Please copy every line from the following entries in which the word "BottomSolder" appears.

>>>

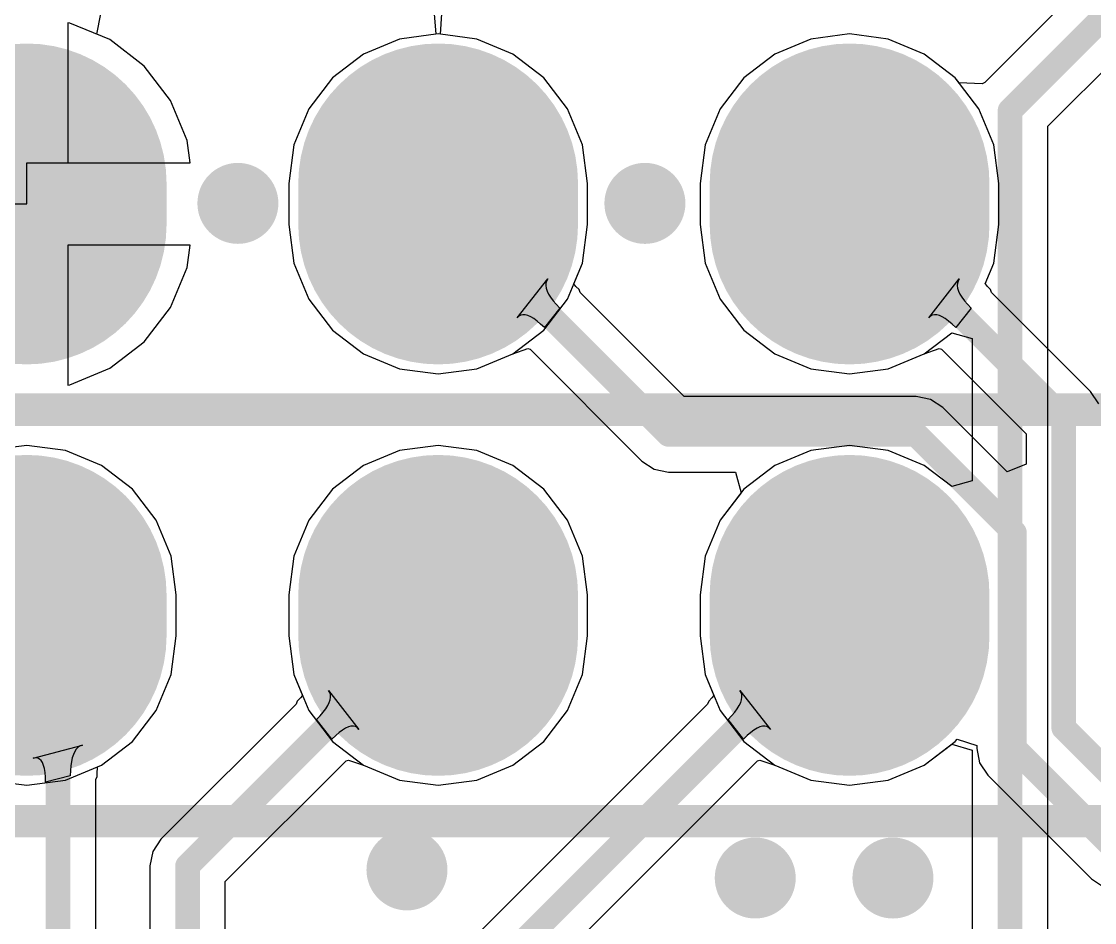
# Model space of a CAD drawing. Header units: millimetres. Extents: x 6.03 to 8.53, y 10.22 to 11.81.
# Drawn here: x 7.3866 to 7.6474, y 10.8927 to 11.1117 of the extents above; entities that cross this region are included whole.
import ezdxf

# ---------------------------------------------------------------- set-up
doc = ezdxf.new("R2010")
doc.units = ezdxf.units.MM
doc.header["$MEASUREMENT"] = 0
for name, color, linetype in [('BottomLayer', 5, 'Continuous'), ('BottomSolder', 6, 'Continuous'), ('MultiLayer', 9, 'Continuous'), ('TopLayer', 1, 'Continuous'), ('TopOverlay', 2, 'Continuous'), ('TopSolder', 216, 'Continuous')]:
    doc.layers.add(name, color=color, linetype=linetype)

# ---------------------------------------------------------------- blocks, each defined once
blk = doc.blocks.new('H______20X2_24')
at = {"layer": 'BottomLayer', "const_width": 0.06}
for points in [[(-0.055, 0.15), (-0.045, 0.15)], [(0.045, 0.15), (0.055, 0.15)], [(-0.055, 0.05), (-0.045, 0.05)], [(0.045, 0.05), (0.055, 0.05)], [(-0.055, -0.05), (-0.045, -0.05)], [(0.045, -0.05), (0.055, -0.05)]]:
    blk.add_lwpolyline(points, dxfattribs=at)
at = {"layer": 'BottomLayer', "const_width": 0.03}
for points in [[(-0.07, 0.15, 1), (-0.04, 0.15, 1)], [(-0.06, 0.15, 1), (-0.03, 0.15, 1)], [(0.03, 0.15, 1), (0.06, 0.15, 1)], [(0.04, 0.15, 1), (0.07, 0.15, 1)], [(-0.07, 0.05, 1), (-0.04, 0.05, 1)], [(-0.06, 0.05, 1), (-0.03, 0.05, 1)], [(0.03, 0.05, 1), (0.06, 0.05, 1)], [(0.04, 0.05, 1), (0.07, 0.05, 1)], [(-0.07, -0.05, 1), (-0.04, -0.05, 1)], [(-0.06, -0.05, 1), (-0.03, -0.05, 1)], [(0.03, -0.05, 1), (0.06, -0.05, 1)], [(0.04, -0.05, 1), (0.07, -0.05, 1)]]:
    blk.add_lwpolyline(points, format="xyb", close=True, dxfattribs=at)
at = {"layer": 'BottomSolder', "const_width": 0.068}
for points in [[(-0.055, 0.15), (-0.045, 0.15)], [(0.045, 0.15), (0.055, 0.15)], [(-0.055, 0.05), (-0.045, 0.05)], [(0.045, 0.05), (0.055, 0.05)], [(-0.055, -0.05), (-0.045, -0.05)], [(0.045, -0.05), (0.055, -0.05)]]:
    blk.add_lwpolyline(points, dxfattribs=at)
at = {"layer": 'BottomSolder', "const_width": 0.034}
for points in [[(-0.072, 0.15, 1), (-0.038, 0.15, 1)], [(-0.062, 0.15, 1), (-0.028, 0.15, 1)], [(0.028, 0.15, 1), (0.062, 0.15, 1)], [(0.038, 0.15, 1), (0.072, 0.15, 1)], [(-0.072, 0.05, 1), (-0.038, 0.05, 1)], [(-0.062, 0.05, 1), (-0.028, 0.05, 1)], [(0.028, 0.05, 1), (0.062, 0.05, 1)], [(0.038, 0.05, 1), (0.072, 0.05, 1)], [(-0.072, -0.05, 1), (-0.038, -0.05, 1)], [(-0.062, -0.05, 1), (-0.028, -0.05, 1)], [(0.028, -0.05, 1), (0.062, -0.05, 1)], [(0.038, -0.05, 1), (0.072, -0.05, 1)]]:
    blk.add_lwpolyline(points, format="xyb", close=True, dxfattribs=at)
at = {"layer": 'MultiLayer', "const_width": 0.06}
for points in [[(-0.055, 0.15), (-0.045, 0.15)], [(0.045, 0.15), (0.055, 0.15)], [(-0.055, 0.05), (-0.045, 0.05)], [(0.045, 0.05), (0.055, 0.05)], [(-0.055, -0.05), (-0.045, -0.05)], [(0.045, -0.05), (0.055, -0.05)]]:
    blk.add_lwpolyline(points, dxfattribs=at)
at = {"layer": 'MultiLayer', "const_width": 0.03}
for points in [[(-0.07, 0.15, 1), (-0.04, 0.15, 1)], [(-0.06, 0.15, 1), (-0.03, 0.15, 1)], [(0.03, 0.15, 1), (0.06, 0.15, 1)], [(0.04, 0.15, 1), (0.07, 0.15, 1)], [(-0.07, 0.05, 1), (-0.04, 0.05, 1)], [(-0.06, 0.05, 1), (-0.03, 0.05, 1)], [(0.03, 0.05, 1), (0.06, 0.05, 1)], [(0.04, 0.05, 1), (0.07, 0.05, 1)], [(-0.07, -0.05, 1), (-0.04, -0.05, 1)], [(-0.06, -0.05, 1), (-0.03, -0.05, 1)], [(0.03, -0.05, 1), (0.06, -0.05, 1)], [(0.04, -0.05, 1), (0.07, -0.05, 1)]]:
    blk.add_lwpolyline(points, format="xyb", close=True, dxfattribs=at)
at = {"layer": 'TopLayer', "const_width": 0.06}
for points in [[(-0.055, 0.15), (-0.045, 0.15)], [(0.045, 0.15), (0.055, 0.15)], [(-0.055, 0.05), (-0.045, 0.05)], [(0.045, 0.05), (0.055, 0.05)], [(-0.055, -0.05), (-0.045, -0.05)], [(0.045, -0.05), (0.055, -0.05)]]:
    blk.add_lwpolyline(points, dxfattribs=at)
at = {"layer": 'TopLayer', "const_width": 0.03}
for points in [[(-0.07, 0.15, 1), (-0.04, 0.15, 1)], [(-0.06, 0.15, 1), (-0.03, 0.15, 1)], [(0.03, 0.15, 1), (0.06, 0.15, 1)], [(0.04, 0.15, 1), (0.07, 0.15, 1)], [(-0.07, 0.05, 1), (-0.04, 0.05, 1)], [(-0.06, 0.05, 1), (-0.03, 0.05, 1)], [(0.03, 0.05, 1), (0.06, 0.05, 1)], [(0.04, 0.05, 1), (0.07, 0.05, 1)], [(-0.07, -0.05, 1), (-0.04, -0.05, 1)], [(-0.06, -0.05, 1), (-0.03, -0.05, 1)], [(0.03, -0.05, 1), (0.06, -0.05, 1)], [(0.04, -0.05, 1), (0.07, -0.05, 1)]]:
    blk.add_lwpolyline(points, format="xyb", close=True, dxfattribs=at)
at = {"layer": 'TopOverlay', "const_width": 0.00787}
for points in [[(0, 1), (0, -1)], [(0.1, 1), (0.1, -1)]]:
    blk.add_lwpolyline(points, dxfattribs=at)
at = {"layer": 'TopSolder', "const_width": 0.068}
for points in [[(-0.055, 0.15), (-0.045, 0.15)], [(0.045, 0.15), (0.055, 0.15)], [(-0.055, 0.05), (-0.045, 0.05)], [(0.045, 0.05), (0.055, 0.05)], [(-0.055, -0.05), (-0.045, -0.05)], [(0.045, -0.05), (0.055, -0.05)]]:
    blk.add_lwpolyline(points, dxfattribs=at)
at = {"layer": 'TopSolder', "const_width": 0.034}
for points in [[(-0.072, 0.15, 1), (-0.038, 0.15, 1)], [(-0.062, 0.15, 1), (-0.028, 0.15, 1)], [(0.028, 0.15, 1), (0.062, 0.15, 1)], [(0.038, 0.15, 1), (0.072, 0.15, 1)], [(-0.072, 0.05, 1), (-0.038, 0.05, 1)], [(-0.062, 0.05, 1), (-0.028, 0.05, 1)], [(0.028, 0.05, 1), (0.062, 0.05, 1)], [(0.038, 0.05, 1), (0.072, 0.05, 1)], [(-0.072, -0.05, 1), (-0.038, -0.05, 1)], [(-0.062, -0.05, 1), (-0.028, -0.05, 1)], [(0.028, -0.05, 1), (0.062, -0.05, 1)], [(0.038, -0.05, 1), (0.072, -0.05, 1)]]:
    blk.add_lwpolyline(points, format="xyb", close=True, dxfattribs=at)

msp = doc.modelspace()

# ---------------------------------------------------------------- linework, layer by layer
at = {"layer": 'BottomLayer'}
for p, q in [((7.39834, 11.11135), (7.39789, 11.11141)), ((7.39789, 11.11141), (7.39789, 11.07738)), ((7.40807, 11.10732), (7.39834, 11.11135)), ((7.48789, 11.10869), (7.4785, 11.10745)), ((7.49729, 11.10745), (7.48789, 11.10869)), ((7.58789, 11.10869), (7.5785, 11.10745)), ((7.59729, 11.10745), (7.58789, 11.10869)), ((7.41642, 11.1009), (7.40807, 11.10732)), ((7.4785, 11.10745), (7.46974, 11.10382)), ((7.50605, 11.10382), (7.49729, 11.10745)), ((7.5785, 11.10745), (7.56974, 11.10382)), ((7.60605, 11.10382), (7.59729, 11.10745)), ((7.46974, 11.10382), (7.46222, 11.09805)), ((7.51357, 11.09805), (7.50605, 11.10382)), ((7.56974, 11.10382), (7.56222, 11.09805)), ((7.61357, 11.09805), (7.60605, 11.10382)), ((7.42283, 11.09255), (7.41642, 11.1009)), ((7.46222, 11.09805), (7.45645, 11.09053)), ((7.51934, 11.09053), (7.51357, 11.09805)), ((7.56222, 11.09805), (7.55645, 11.09053)), ((7.61934, 11.09053), (7.61357, 11.09805)), ((7.42686, 11.08282), (7.42283, 11.09255)), ((7.45645, 11.09053), (7.45282, 11.08177)), ((7.52297, 11.08177), (7.51934, 11.09053)), ((7.55645, 11.09053), (7.55282, 11.08177)), ((7.62297, 11.08177), (7.61934, 11.09053)), ((7.42758, 11.07738), (7.42686, 11.08282)), ((7.45282, 11.08177), (7.45158, 11.07238)), ((7.5242, 11.07238), (7.52297, 11.08177)), ((7.55282, 11.08177), (7.55158, 11.07238)), ((7.6242, 11.07238), (7.62297, 11.08177)), ((7.39789, 11.07738), (7.42758, 11.07738)), ((7.45158, 11.07238), (7.45158, 11.06238)), ((7.5242, 11.06238), (7.5242, 11.07238)), ((7.55158, 11.07238), (7.55158, 11.06238)), ((7.6242, 11.06238), (7.6242, 11.07238)), ((7.45158, 11.06238), (7.45282, 11.05298)), ((7.52297, 11.05298), (7.5242, 11.06238)), ((7.55158, 11.06238), (7.55282, 11.05298)), ((7.62297, 11.05298), (7.6242, 11.06238)), ((7.42758, 11.05738), (7.39789, 11.05738)), ((7.39789, 11.05738), (7.39789, 11.02335)), ((7.42686, 11.05193), (7.42758, 11.05738)), ((7.42283, 11.0422), (7.42686, 11.05193)), ((7.45282, 11.05298), (7.45645, 11.04422)), ((7.52088, 11.04794), (7.52297, 11.05298)), ((7.55282, 11.05298), (7.55645, 11.04422)), ((7.62088, 11.04794), (7.62297, 11.05298)), ((7.50713, 11.03967), (7.51456, 11.04914)), ((7.51409, 11.04811), (7.51405, 11.04752)), ((7.51426, 11.04865), (7.51409, 11.04811)), ((7.51456, 11.04914), (7.51426, 11.04865)), ((7.52089, 11.04793), (7.52088, 11.04794)), ((7.52138, 11.04735), (7.52089, 11.04793)), ((7.60713, 11.03967), (7.61456, 11.04914)), ((7.61409, 11.04811), (7.61405, 11.04752)), ((7.61426, 11.04865), (7.61409, 11.04811)), ((7.61456, 11.04914), (7.61426, 11.04865)), ((7.62089, 11.04793), (7.62088, 11.04794)), ((7.62138, 11.04735), (7.62089, 11.04793)), ((7.51405, 11.04752), (7.51414, 11.04688)), ((7.51414, 11.04688), (7.51436, 11.0462)), ((7.51436, 11.0462), (7.51471, 11.04547)), ((7.51471, 11.04547), (7.5152, 11.04469)), ((7.52213, 11.04656), (7.52138, 11.04735)), ((7.52242, 11.04583), (7.52213, 11.04656)), ((7.54769, 11.02055), (7.52242, 11.04583)), ((7.61405, 11.04752), (7.61414, 11.04688)), ((7.61414, 11.04688), (7.61436, 11.0462)), ((7.61436, 11.0462), (7.61471, 11.04547)), ((7.61471, 11.04547), (7.6152, 11.04469)), ((7.62213, 11.04656), (7.62138, 11.04735)), ((7.62242, 11.04583), (7.62213, 11.04656)), ((7.64644, 11.02181), (7.62242, 11.04583)), ((7.45645, 11.04422), (7.46222, 11.0367)), ((7.5152, 11.04469), (7.51581, 11.04387)), ((7.51581, 11.04387), (7.51656, 11.043)), ((7.51656, 11.043), (7.51743, 11.04208)), ((7.55645, 11.04422), (7.56222, 11.0367)), ((7.6152, 11.04469), (7.61581, 11.04387)), ((7.61581, 11.04387), (7.61656, 11.043)), ((7.61656, 11.043), (7.61743, 11.04208)), ((7.41642, 11.03385), (7.42283, 11.0422)), ((7.50753, 11.04007), (7.50713, 11.03967)), ((7.50799, 11.04033), (7.50753, 11.04007)), ((7.50851, 11.04045), (7.50799, 11.04033)), ((7.50908, 11.04043), (7.50851, 11.04045)), ((7.50971, 11.04026), (7.50908, 11.04043)), ((7.51039, 11.03996), (7.50971, 11.04026)), ((7.51743, 11.04208), (7.51371, 11.03732)), ((7.60753, 11.04007), (7.60713, 11.03967)), ((7.60799, 11.04033), (7.60753, 11.04007)), ((7.60851, 11.04045), (7.60799, 11.04033)), ((7.60908, 11.04043), (7.60851, 11.04045)), ((7.60971, 11.04026), (7.60908, 11.04043)), ((7.61039, 11.03996), (7.60971, 11.04026)), ((7.61743, 11.04208), (7.61371, 11.03732)), ((7.51114, 11.03951), (7.51039, 11.03996)), ((7.51194, 11.03892), (7.51114, 11.03951)), ((7.51279, 11.03819), (7.51194, 11.03892)), ((7.51371, 11.03732), (7.51279, 11.03819)), ((7.61114, 11.03951), (7.61039, 11.03996)), ((7.61194, 11.03892), (7.61114, 11.03951)), ((7.61279, 11.03819), (7.61194, 11.03892)), ((7.61371, 11.03732), (7.61279, 11.03819)), ((7.46222, 11.0367), (7.46974, 11.03093)), ((7.56222, 11.0367), (7.56974, 11.03093)), ((7.40807, 11.02744), (7.41642, 11.03385)), ((7.46974, 11.03093), (7.4785, 11.0273)), ((7.49729, 11.0273), (7.50605, 11.03093)), ((7.50605, 11.03093), (7.5097, 11.03221)), ((7.5097, 11.03221), (7.51023, 11.03206)), ((7.51023, 11.03206), (7.53741, 11.00489)), ((7.56974, 11.03093), (7.5785, 11.0273)), ((7.59729, 11.0273), (7.60605, 11.03093)), ((7.60605, 11.03093), (7.6097, 11.03221)), ((7.6097, 11.03221), (7.61023, 11.03206)), ((7.61023, 11.03206), (7.63078, 11.01152)), ((7.39834, 11.02341), (7.40807, 11.02744)), ((7.4785, 11.0273), (7.48789, 11.02607)), ((7.48789, 11.02607), (7.49729, 11.0273)), ((7.5785, 11.0273), (7.58789, 11.02607)), ((7.58789, 11.02607), (7.59729, 11.0273)), ((7.39789, 11.02335), (7.39834, 11.02341)), ((7.64843, 11.01883), (7.64644, 11.02181)), ((7.60405, 11.02055), (7.54769, 11.02055)), ((7.60756, 11.01985), (7.60405, 11.02055)), ((7.61054, 11.01787), (7.60756, 11.01985)), ((7.62616, 11.00224), (7.61054, 11.01787)), ((7.63078, 11.01152), (7.63078, 11.00416)), ((7.38789, 11.00869), (7.3785, 11.00745)), ((7.39729, 11.00745), (7.38789, 11.00869)), ((7.40605, 11.00382), (7.39729, 11.00745)), ((7.4785, 11.00745), (7.46974, 11.00382)), ((7.48789, 11.00869), (7.4785, 11.00745)), ((7.49729, 11.00745), (7.48789, 11.00869)), ((7.50605, 11.00382), (7.49729, 11.00745)), ((7.41357, 10.99805), (7.40605, 11.00382)), ((7.46974, 11.00382), (7.46222, 10.99805)), ((7.51357, 10.99805), (7.50605, 11.00382)), ((7.53741, 11.00489), (7.54038, 11.0029)), ((7.63078, 11.00416), (7.62616, 11.00224)), ((7.54038, 11.0029), (7.54389, 11.0022)), ((7.54389, 11.0022), (7.56016, 11.0022)), ((7.56016, 11.0022), (7.56156, 10.9972)), ((7.41934, 10.99053), (7.41357, 10.99805)), ((7.46222, 10.99805), (7.45645, 10.99053)), ((7.51934, 10.99053), (7.51357, 10.99805)), ((7.56156, 10.9972), (7.55645, 10.99053)), ((7.42297, 10.98177), (7.41934, 10.99053)), ((7.45645, 10.99053), (7.45282, 10.98177)), ((7.52297, 10.98177), (7.51934, 10.99053)), ((7.55645, 10.99053), (7.55282, 10.98177)), ((7.4242, 10.97238), (7.42297, 10.98177)), ((7.45282, 10.98177), (7.45158, 10.97238)), ((7.5242, 10.97238), (7.52297, 10.98177)), ((7.55282, 10.98177), (7.55158, 10.97238)), ((7.4242, 10.96238), (7.4242, 10.97238)), ((7.45158, 10.97238), (7.45158, 10.96238)), ((7.5242, 10.96238), (7.5242, 10.97238)), ((7.55158, 10.97238), (7.55158, 10.96238)), ((7.42297, 10.95298), (7.4242, 10.96238)), ((7.45158, 10.96238), (7.45282, 10.95298)), ((7.52297, 10.95298), (7.5242, 10.96238)), ((7.55158, 10.96238), (7.55282, 10.95298)), ((7.41934, 10.94422), (7.42297, 10.95298)), ((7.45282, 10.95298), (7.45491, 10.94794)), ((7.51934, 10.94422), (7.52297, 10.95298)), ((7.55282, 10.95298), (7.55491, 10.94794)), ((7.46153, 10.94865), (7.46122, 10.94914)), ((7.46122, 10.94914), (7.46865, 10.93967)), ((7.56153, 10.94865), (7.56122, 10.94914)), ((7.56122, 10.94914), (7.56865, 10.93967)), ((7.45365, 10.94656), (7.45337, 10.94583)), ((7.45441, 10.94735), (7.45365, 10.94656)), ((7.4549, 10.94793), (7.45441, 10.94735)), ((7.45491, 10.94794), (7.4549, 10.94793)), ((7.46107, 10.94547), (7.46143, 10.9462)), ((7.46143, 10.9462), (7.46165, 10.94688)), ((7.4617, 10.94811), (7.46153, 10.94865)), ((7.46165, 10.94688), (7.46174, 10.94752)), ((7.46174, 10.94752), (7.4617, 10.94811)), ((7.55365, 10.94656), (7.55337, 10.94583)), ((7.55441, 10.94735), (7.55365, 10.94656)), ((7.5549, 10.94793), (7.55441, 10.94735)), ((7.55491, 10.94794), (7.5549, 10.94793)), ((7.56107, 10.94547), (7.56143, 10.9462)), ((7.56143, 10.9462), (7.56165, 10.94688)), ((7.5617, 10.94811), (7.56153, 10.94865)), ((7.56165, 10.94688), (7.56174, 10.94752)), ((7.56174, 10.94752), (7.5617, 10.94811)), ((7.41357, 10.9367), (7.41934, 10.94422)), ((7.45337, 10.94583), (7.4205, 10.91296)), ((7.55337, 10.94583), (7.44116, 10.83362)), ((7.45923, 10.943), (7.45998, 10.94387)), ((7.45998, 10.94387), (7.46059, 10.94469)), ((7.46059, 10.94469), (7.46107, 10.94547)), ((7.51357, 10.9367), (7.51934, 10.94422)), ((7.55923, 10.943), (7.55998, 10.94387)), ((7.55998, 10.94387), (7.56059, 10.94469)), ((7.56059, 10.94469), (7.56107, 10.94547)), ((7.45835, 10.94208), (7.45923, 10.943)), ((7.46208, 10.93732), (7.45835, 10.94208)), ((7.55835, 10.94208), (7.55923, 10.943)), ((7.56208, 10.93732), (7.55835, 10.94208)), ((7.46385, 10.93892), (7.46299, 10.93819)), ((7.46465, 10.93951), (7.46385, 10.93892)), ((7.4654, 10.93996), (7.46465, 10.93951)), ((7.46608, 10.94026), (7.4654, 10.93996)), ((7.46671, 10.94043), (7.46608, 10.94026)), ((7.46728, 10.94045), (7.46671, 10.94043)), ((7.4678, 10.94033), (7.46728, 10.94045)), ((7.46825, 10.94007), (7.4678, 10.94033)), ((7.46865, 10.93967), (7.46825, 10.94007)), ((7.56385, 10.93892), (7.56299, 10.93819)), ((7.56465, 10.93951), (7.56385, 10.93892)), ((7.5654, 10.93996), (7.56465, 10.93951)), ((7.56608, 10.94026), (7.5654, 10.93996)), ((7.56671, 10.94043), (7.56608, 10.94026)), ((7.56728, 10.94045), (7.56671, 10.94043)), ((7.5678, 10.94033), (7.56728, 10.94045)), ((7.56825, 10.94007), (7.5678, 10.94033)), ((7.56865, 10.93967), (7.56825, 10.94007)), ((7.38948, 10.93263), (7.40143, 10.93587)), ((7.40143, 10.93587), (7.40088, 10.93565)), ((7.40605, 10.93093), (7.41357, 10.9367)), ((7.46299, 10.93819), (7.46208, 10.93732)), ((7.50605, 10.93093), (7.51357, 10.9367)), ((7.56299, 10.93819), (7.56208, 10.93732)), ((7.60605, 10.93093), (7.61357, 10.9367)), ((7.61357, 10.9367), (7.61404, 10.93732)), ((7.61404, 10.93732), (7.61878, 10.93571)), ((7.39923, 10.93359), (7.39896, 10.93279)), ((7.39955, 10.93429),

<<<

→ REPLY TO THE TASK:
for name, color, linetype in [('BottomLayer', 5, 'Continuous'), ('BottomSolder', 6, 'Continuous'), ('MultiLayer', 9, 'Continuous'), ('TopLayer', 1, 'Continuous'), ('TopOverlay', 2, 'Continuous'), ('TopSolder', 216, 'Continuous')]:
at = {"layer": 'BottomSolder', "const_width": 0.068}
at = {"layer": 'BottomSolder', "const_width": 0.034}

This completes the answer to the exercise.